Steve Garvey, as ever, remains in a committed relationship with baseball, even if he gives more back to it these days than he takes from it.
“Those of us who were blessed to be able to play this game and have careers, after those careers are over, we have to be ambassadors for the game,” Garvey said. “Pass the torch.”
These days, Garvey, and those still prodigious forearms, is still active in the sport. He is, for all intents and purposes, a baseball lifer.
“I love it. It’s been my life,” he said.
He is also a former Albuquerque Duke, and on Wednesday he was back on familiar ground, Isotopes Park, which was built over the site of his old haunts, the Albuquerque Sports Stadium.
Garvey, 65, a 10-time All-Star and former National League MVP, was in town as part of the 2014 Mobil Super “Go the Distance” Baseball Tour. It will visit 55 games in 18 states over a four-month period.
The affable Garvey spent two hours before Wednesday’s Isotopes game against Round Rock signing autographs, and also caught the ceremonial first pitch.
When he played here in 1969, that was the first year of the Sports Stadium, with its one-of-a-kind lava rocks and drive-in viewing area.

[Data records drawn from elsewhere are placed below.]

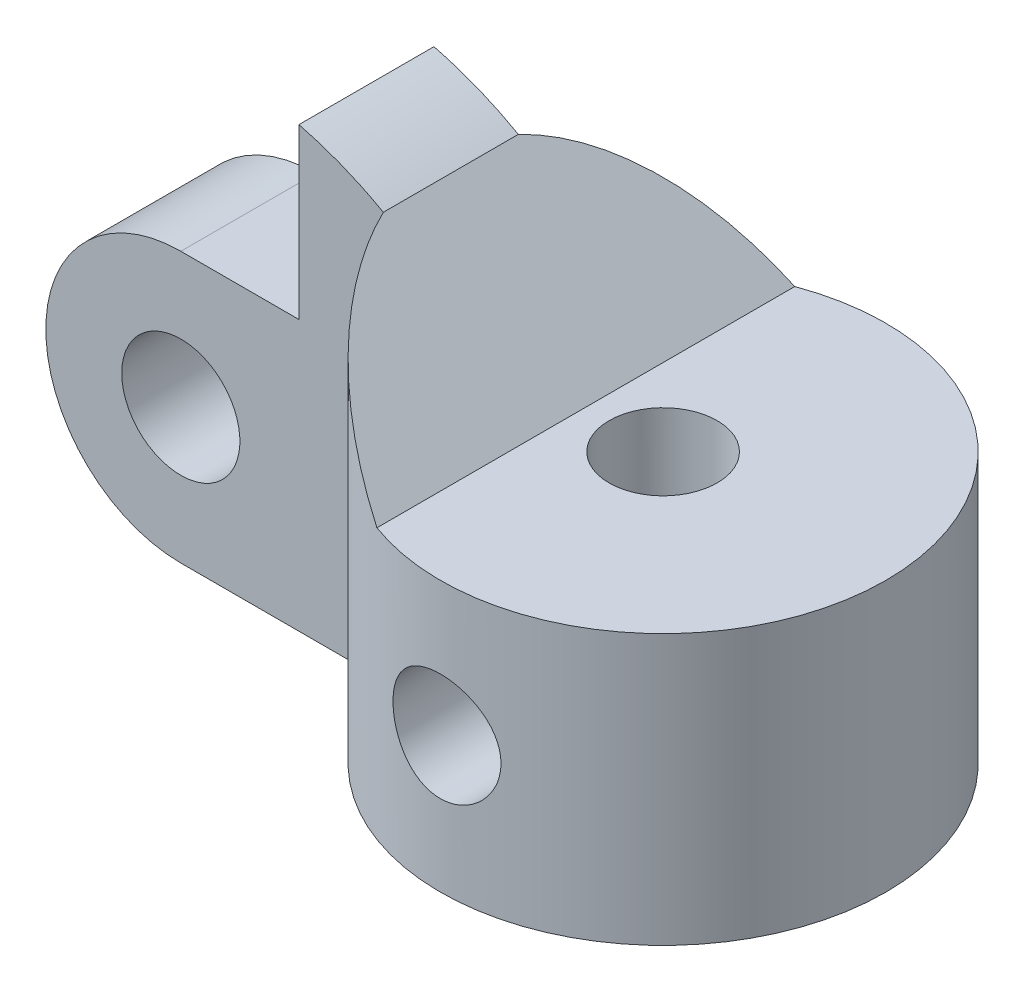
ISO-10303-21;
HEADER;
FILE_DESCRIPTION(('STEP AP214'),'2;1');
FILE_NAME('part.step','',(''),(''),'','','');
FILE_SCHEMA(('AUTOMOTIVE_DESIGN { 1 0 10303 214 1 1 1 1 }'));
ENDSEC;
DATA;
#1=APPLICATION_CONTEXT('core data for automotive mechanical design processes');
#2=APPLICATION_PROTOCOL_DEFINITION('international standard','automotive_design',2000,#1);
#3=PRODUCT_CONTEXT('',#1,'mechanical');
#4=PRODUCT('Part','Part','',(#3));
#5=PRODUCT_RELATED_PRODUCT_CATEGORY('part','',(#4));
#6=PRODUCT_DEFINITION_FORMATION('','',#4);
#7=PRODUCT_DEFINITION_CONTEXT('part definition',#1,'design');
#8=PRODUCT_DEFINITION('design','',#6,#7);
#9=PRODUCT_DEFINITION_SHAPE('','',#8);
#10=(LENGTH_UNIT() NAMED_UNIT(*) SI_UNIT(.MILLI.,.METRE.));
#11=(NAMED_UNIT(*) PLANE_ANGLE_UNIT() SI_UNIT($,.RADIAN.));
#12=(NAMED_UNIT(*) SI_UNIT($,.STERADIAN.) SOLID_ANGLE_UNIT());
#13=UNCERTAINTY_MEASURE_WITH_UNIT(LENGTH_MEASURE(1.E-05),#10,'distance_accuracy_value','');
#14=(GEOMETRIC_REPRESENTATION_CONTEXT(3) GLOBAL_UNCERTAINTY_ASSIGNED_CONTEXT((#13)) GLOBAL_UNIT_ASSIGNED_CONTEXT((#10,
#11,#12)) REPRESENTATION_CONTEXT('',''));
#15=CARTESIAN_POINT('',(0.,0.,0.));
#16=DIRECTION('',(0.,0.,1.));
#17=DIRECTION('',(1.,0.,0.));
#18=AXIS2_PLACEMENT_3D('',#15,#16,#17);
#19=CARTESIAN_POINT('',(0.,8.,0.));
#20=DIRECTION('',(0.,1.,0.));
#21=DIRECTION('',(0.,0.,1.));
#22=AXIS2_PLACEMENT_3D('',#19,#20,#21);
#23=PLANE('',#22);
#24=DIRECTION('',(1.,0.,0.));
#25=VECTOR('',#24,1.);
#26=CARTESIAN_POINT('',(0.,8.,2.));
#27=LINE('',#26,#25);
#28=CARTESIAN_POINT('',(-12.2896740774066,8.,2.));
#29=VERTEX_POINT('',#28);
#30=CARTESIAN_POINT('',(-8.78967407740655,8.,2.));
#31=VERTEX_POINT('',#30);
#32=EDGE_CURVE('E318',#29,#31,#27,.T.);
#33=ORIENTED_EDGE('',*,*,#32,.T.);
#34=DIRECTION('',(0.,0.,1.));
#35=VECTOR('',#34,1.);
#36=CARTESIAN_POINT('',(-8.78967407740655,8.,-2.));
#37=LINE('',#36,#35);
#38=CARTESIAN_POINT('',(-8.78967407740655,8.,-2.));
#39=VERTEX_POINT('',#38);
#40=EDGE_CURVE('E196',#39,#31,#37,.T.);
#41=ORIENTED_EDGE('',*,*,#40,.F.);
#42=DIRECTION('',(1.,0.,0.));
#43=VECTOR('',#42,1.);
#44=CARTESIAN_POINT('',(0.,8.,-2.));
#45=LINE('',#44,#43);
#46=CARTESIAN_POINT('',(-12.2896740774066,8.,-2.));
#47=VERTEX_POINT('',#46);
#48=EDGE_CURVE('E392',#47,#39,#45,.T.);
#49=ORIENTED_EDGE('',*,*,#48,.F.);
#50=DIRECTION('',(0.,0.,1.));
#51=VECTOR('',#50,1.);
#52=CARTESIAN_POINT('',(-12.2896740774066,8.,-6.6));
#53=LINE('',#52,#51);
#54=EDGE_CURVE('E339',#47,#29,#53,.T.);
#55=ORIENTED_EDGE('',*,*,#54,.T.);
#56=EDGE_LOOP('',(#33,#41,#49,#55));
#57=FACE_BOUND('',#56,.T.);
#58=ADVANCED_FACE('F98',(#57),#23,.T.);
#59=CARTESIAN_POINT('',(0.,8.,0.));
#60=DIRECTION('',(0.,1.,0.));
#61=DIRECTION('',(0.,0.,1.));
#62=AXIS2_PLACEMENT_3D('',#59,#60,#61);
#63=CIRCLE('',#62,1.6);
#64=CARTESIAN_POINT('',(0.,8.,1.6));
#65=VERTEX_POINT('',#64);
#66=EDGE_CURVE('E377',#65,#65,#63,.T.);
#67=ORIENTED_EDGE('',*,*,#66,.F.);
#68=EDGE_LOOP('',(#67));
#69=FACE_BOUND('',#68,.T.);
#70=CARTESIAN_POINT('',(0.,8.,0.));
#71=DIRECTION('',(0.,1.,0.));
#72=DIRECTION('',(0.,0.,1.));
#73=AXIS2_PLACEMENT_3D('',#70,#71,#72);
#74=CIRCLE('',#73,6.6);
#75=CARTESIAN_POINT('',(-2.28967407740657,8.,6.19010441101379));
#76=VERTEX_POINT('',#75);
#77=CARTESIAN_POINT('',(-2.28967407740657,8.,-6.19010441101379));
#78=VERTEX_POINT('',#77);
#79=EDGE_CURVE('E396',#76,#78,#74,.T.);
#80=ORIENTED_EDGE('',*,*,#79,.T.);
#81=DIRECTION('',(0.,0.,1.));
#82=VECTOR('',#81,1.);
#83=CARTESIAN_POINT('',(-2.28967407740657,8.,0.));
#84=LINE('',#83,#82);
#85=EDGE_CURVE('E329',#78,#76,#84,.T.);
#86=ORIENTED_EDGE('',*,*,#85,.T.);
#87=EDGE_LOOP('',(#80,#86));
#88=FACE_BOUND('',#87,.T.);
#89=ADVANCED_FACE('F300',(#69,#88),#23,.T.);
#90=CARTESIAN_POINT('',(0.,8.,-2.));
#91=DIRECTION('',(0.,0.,-1.));
#92=DIRECTION('',(-1.,0.,0.));
#93=AXIS2_PLACEMENT_3D('',#90,#91,#92);
#94=PLANE('',#93);
#95=CARTESIAN_POINT('',(-12.2896740774066,4.,-2.));
#96=DIRECTION('',(0.,0.,-1.));
#97=DIRECTION('',(-1.,0.,0.));
#98=AXIS2_PLACEMENT_3D('',#95,#96,#97);
#99=CIRCLE('',#98,1.75);
#100=CARTESIAN_POINT('',(-14.0396740774066,4.,-2.));
#101=VERTEX_POINT('',#100);
#102=EDGE_CURVE('E284',#101,#101,#99,.T.);
#103=ORIENTED_EDGE('',*,*,#102,.F.);
#104=EDGE_LOOP('',(#103));
#105=FACE_BOUND('',#104,.T.);
#106=DIRECTION('',(0.,-1.,0.));
#107=VECTOR('',#106,1.);
#108=CARTESIAN_POINT('',(-8.78967407740655,13.,-2.));
#109=LINE('',#108,#107);
#110=CARTESIAN_POINT('',(-8.78967407740655,13.,-2.));
#111=VERTEX_POINT('',#110);
#112=EDGE_CURVE('E200',#111,#39,#109,.T.);
#113=ORIENTED_EDGE('',*,*,#112,.F.);
#114=CARTESIAN_POINT('',(-6.28967407740656,12.,-2.));
#115=CARTESIAN_POINT('',(-7.47174105913595,12.6698325456765,-2.));
#116=CARTESIAN_POINT('',(-8.78967407740655,13.,-2.));
#117=(BOUNDED_CURVE() B_SPLINE_CURVE(2,(#114,#115,#116),.UNSPECIFIED.,.F.,
.F.) B_SPLINE_CURVE_WITH_KNOTS((3,3),(0.,1.),
.UNSPECIFIED.) CURVE() GEOMETRIC_REPRESENTATION_ITEM() RATIONAL_B_SPLINE_CURVE((1.,
0.990896059130321,1.)) REPRESENTATION_ITEM(''));
#118=CARTESIAN_POINT('',(-6.28967407740656,12.,-2.));
#119=VERTEX_POINT('',#118);
#120=EDGE_CURVE('E114',#111,#119,#117,.F.);
#121=ORIENTED_EDGE('',*,*,#120,.T.);
#122=DIRECTION('',(0.,-1.,0.));
#123=VECTOR('',#122,1.);
#124=CARTESIAN_POINT('',(-6.28967407740656,8.,-2.));
#125=LINE('',#124,#123);
#126=CARTESIAN_POINT('',(-6.28967407740656,0.,-2.));
#127=VERTEX_POINT('',#126);
#128=EDGE_CURVE('E317',#119,#127,#125,.T.);
#129=ORIENTED_EDGE('',*,*,#128,.T.);
#130=DIRECTION('',(1.,0.,0.));
#131=VECTOR('',#130,1.);
#132=CARTESIAN_POINT('',(0.,0.,-2.));
#133=LINE('',#132,#131);
#134=CARTESIAN_POINT('',(-12.2896740774066,0.,-2.));
#135=VERTEX_POINT('',#134);
#136=EDGE_CURVE('E378',#135,#127,#133,.T.);
#137=ORIENTED_EDGE('',*,*,#136,.F.);
#138=CARTESIAN_POINT('',(-12.2896740774066,4.,-2.));
#139=DIRECTION('',(0.,0.,-1.));
#140=DIRECTION('',(-1.,0.,0.));
#141=AXIS2_PLACEMENT_3D('',#138,#139,#140);
#142=CIRCLE('',#141,4.);
#143=EDGE_CURVE('E389',#135,#47,#142,.T.);
#144=ORIENTED_EDGE('',*,*,#143,.T.);
#145=ORIENTED_EDGE('',*,*,#48,.T.);
#146=EDGE_LOOP('',(#113,#121,#129,#137,#144,#145));
#147=FACE_BOUND('',#146,.T.);
#148=ADVANCED_FACE('F265',(#105,#147),#94,.T.);
#149=CARTESIAN_POINT('',(0.,8.,2.));
#150=DIRECTION('',(0.,0.,-1.));
#151=DIRECTION('',(-1.,0.,0.));
#152=AXIS2_PLACEMENT_3D('',#149,#150,#151);
#153=PLANE('',#152);
#154=CARTESIAN_POINT('',(-12.2896740774066,4.,2.));
#155=DIRECTION('',(0.,0.,-1.));
#156=DIRECTION('',(-1.,0.,0.));
#157=AXIS2_PLACEMENT_3D('',#154,#155,#156);
#158=CIRCLE('',#157,1.75);
#159=CARTESIAN_POINT('',(-14.0396740774066,4.,2.));
#160=VERTEX_POINT('',#159);
#161=EDGE_CURVE('E283',#160,#160,#158,.T.);
#162=ORIENTED_EDGE('',*,*,#161,.T.);
#163=EDGE_LOOP('',(#162));
#164=FACE_BOUND('',#163,.T.);
#165=DIRECTION('',(0.,-1.,0.));
#166=VECTOR('',#165,1.);
#167=CARTESIAN_POINT('',(-6.28967407740656,8.,2.));
#168=LINE('',#167,#166);
#169=CARTESIAN_POINT('',(-6.28967407740656,12.,2.));
#170=VERTEX_POINT('',#169);
#171=CARTESIAN_POINT('',(-6.28967407740656,0.,2.));
#172=VERTEX_POINT('',#171);
#173=EDGE_CURVE('E120',#170,#172,#168,.T.);
#174=ORIENTED_EDGE('',*,*,#173,.F.);
#175=CARTESIAN_POINT('',(-8.78967407740656,13.,2.));
#176=CARTESIAN_POINT('',(-7.47174105913595,12.6698325456765,2.));
#177=CARTESIAN_POINT('',(-6.28967407740656,12.,2.));
#178=(BOUNDED_CURVE() B_SPLINE_CURVE(2,(#175,#176,#177),.UNSPECIFIED.,.F.,
.F.) B_SPLINE_CURVE_WITH_KNOTS((3,3),(0.,1.),
.UNSPECIFIED.) CURVE() GEOMETRIC_REPRESENTATION_ITEM() RATIONAL_B_SPLINE_CURVE((1.,
0.990896059130321,1.)) REPRESENTATION_ITEM(''));
#179=CARTESIAN_POINT('',(-8.78967407740655,13.,2.));
#180=VERTEX_POINT('',#179);
#181=EDGE_CURVE('E13',#170,#180,#178,.F.);
#182=ORIENTED_EDGE('',*,*,#181,.T.);
#183=DIRECTION('',(0.,-1.,0.));
#184=VECTOR('',#183,1.);
#185=CARTESIAN_POINT('',(-8.78967407740655,13.,2.));
#186=LINE('',#185,#184);
#187=EDGE_CURVE('E183',#180,#31,#186,.T.);
#188=ORIENTED_EDGE('',*,*,#187,.T.);
#189=ORIENTED_EDGE('',*,*,#32,.F.);
#190=CARTESIAN_POINT('',(-12.2896740774066,4.,2.));
#191=DIRECTION('',(0.,0.,-1.));
#192=DIRECTION('',(-1.,0.,0.));
#193=AXIS2_PLACEMENT_3D('',#190,#191,#192);
#194=CIRCLE('',#193,4.);
#195=CARTESIAN_POINT('',(-12.2896740774066,0.,2.));
#196=VERTEX_POINT('',#195);
#197=EDGE_CURVE('E404',#196,#29,#194,.T.);
#198=ORIENTED_EDGE('',*,*,#197,.F.);
#199=DIRECTION('',(1.,0.,0.));
#200=VECTOR('',#199,1.);
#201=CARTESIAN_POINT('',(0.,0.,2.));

He later enjoyed a stellar career in Los Angeles and San Diego. Garvey comprised one quarter of one of the most iconic infields in baseball history. He, second baseman Davey Lopes, shortstop Bill Russell and third baseman Ron Cey spent nearly a decade together, an altogether impossibility in today’s game.
The four appeared in four World Series over an eight-year span with Los Angeles.
“It was a very different mix and equation,” Garvey said during a wide-ranging, 45-minute interview with the Journal on Wednesday afternoon at his hotel. “I’m quite sure it’s the longest longevity of an infield. I’m sure that record will never be broken.”
Garvey was also among those trying to buy the Dodgers from Frank McCourt; his group’s failed bid of $1.4 billion (the figure cited by Garvey) was well short of the sale price of over $2 billion.
“We thought $1.4 billion was the top end of the value of the franchise,” Garvey said.
He was fired from the Dodgers when he openly called for McCourt to give up the team. Garvey had been serving in a part-time job in marketing and community relations.
But he’s focused on other things nowadays. Garvey’s son, Ryan, a corner infielder, is working his way through the Colorado Rockies organization.
“A much bigger arm than his dad,” Garvey said. “High baseball IQ.”
Garvey also hit on some other topics, as he compared eras. One interesting note: Even during the height of his career, Garvey said, he took a second job outside of baseball, with Pepsi-Cola. He graduated from Michigan State and was already pondering a life outside of baseball.
Best player in baseball?
“Over the last two years,” he said, “you’d have to say (Miguel) Cabrera.”
Pete Rose? Belong in the Hall of Fame?
“Yes,” Garvey said. “But don’t allow him to work in baseball.”
On playing in the Dodgers organization?
“You can feel the history, you can feel the jersey,” Garvey said. “You develop a culture.”
Toughest pitcher he ever faced?
“I faced 14 Hall of Famers,” Garvey said. Then he paused.
On the passing of former teammate Bob Welch, who died earlier this week:
“A great individual, a great father and husband,” Garvey said. “A consummate professional.”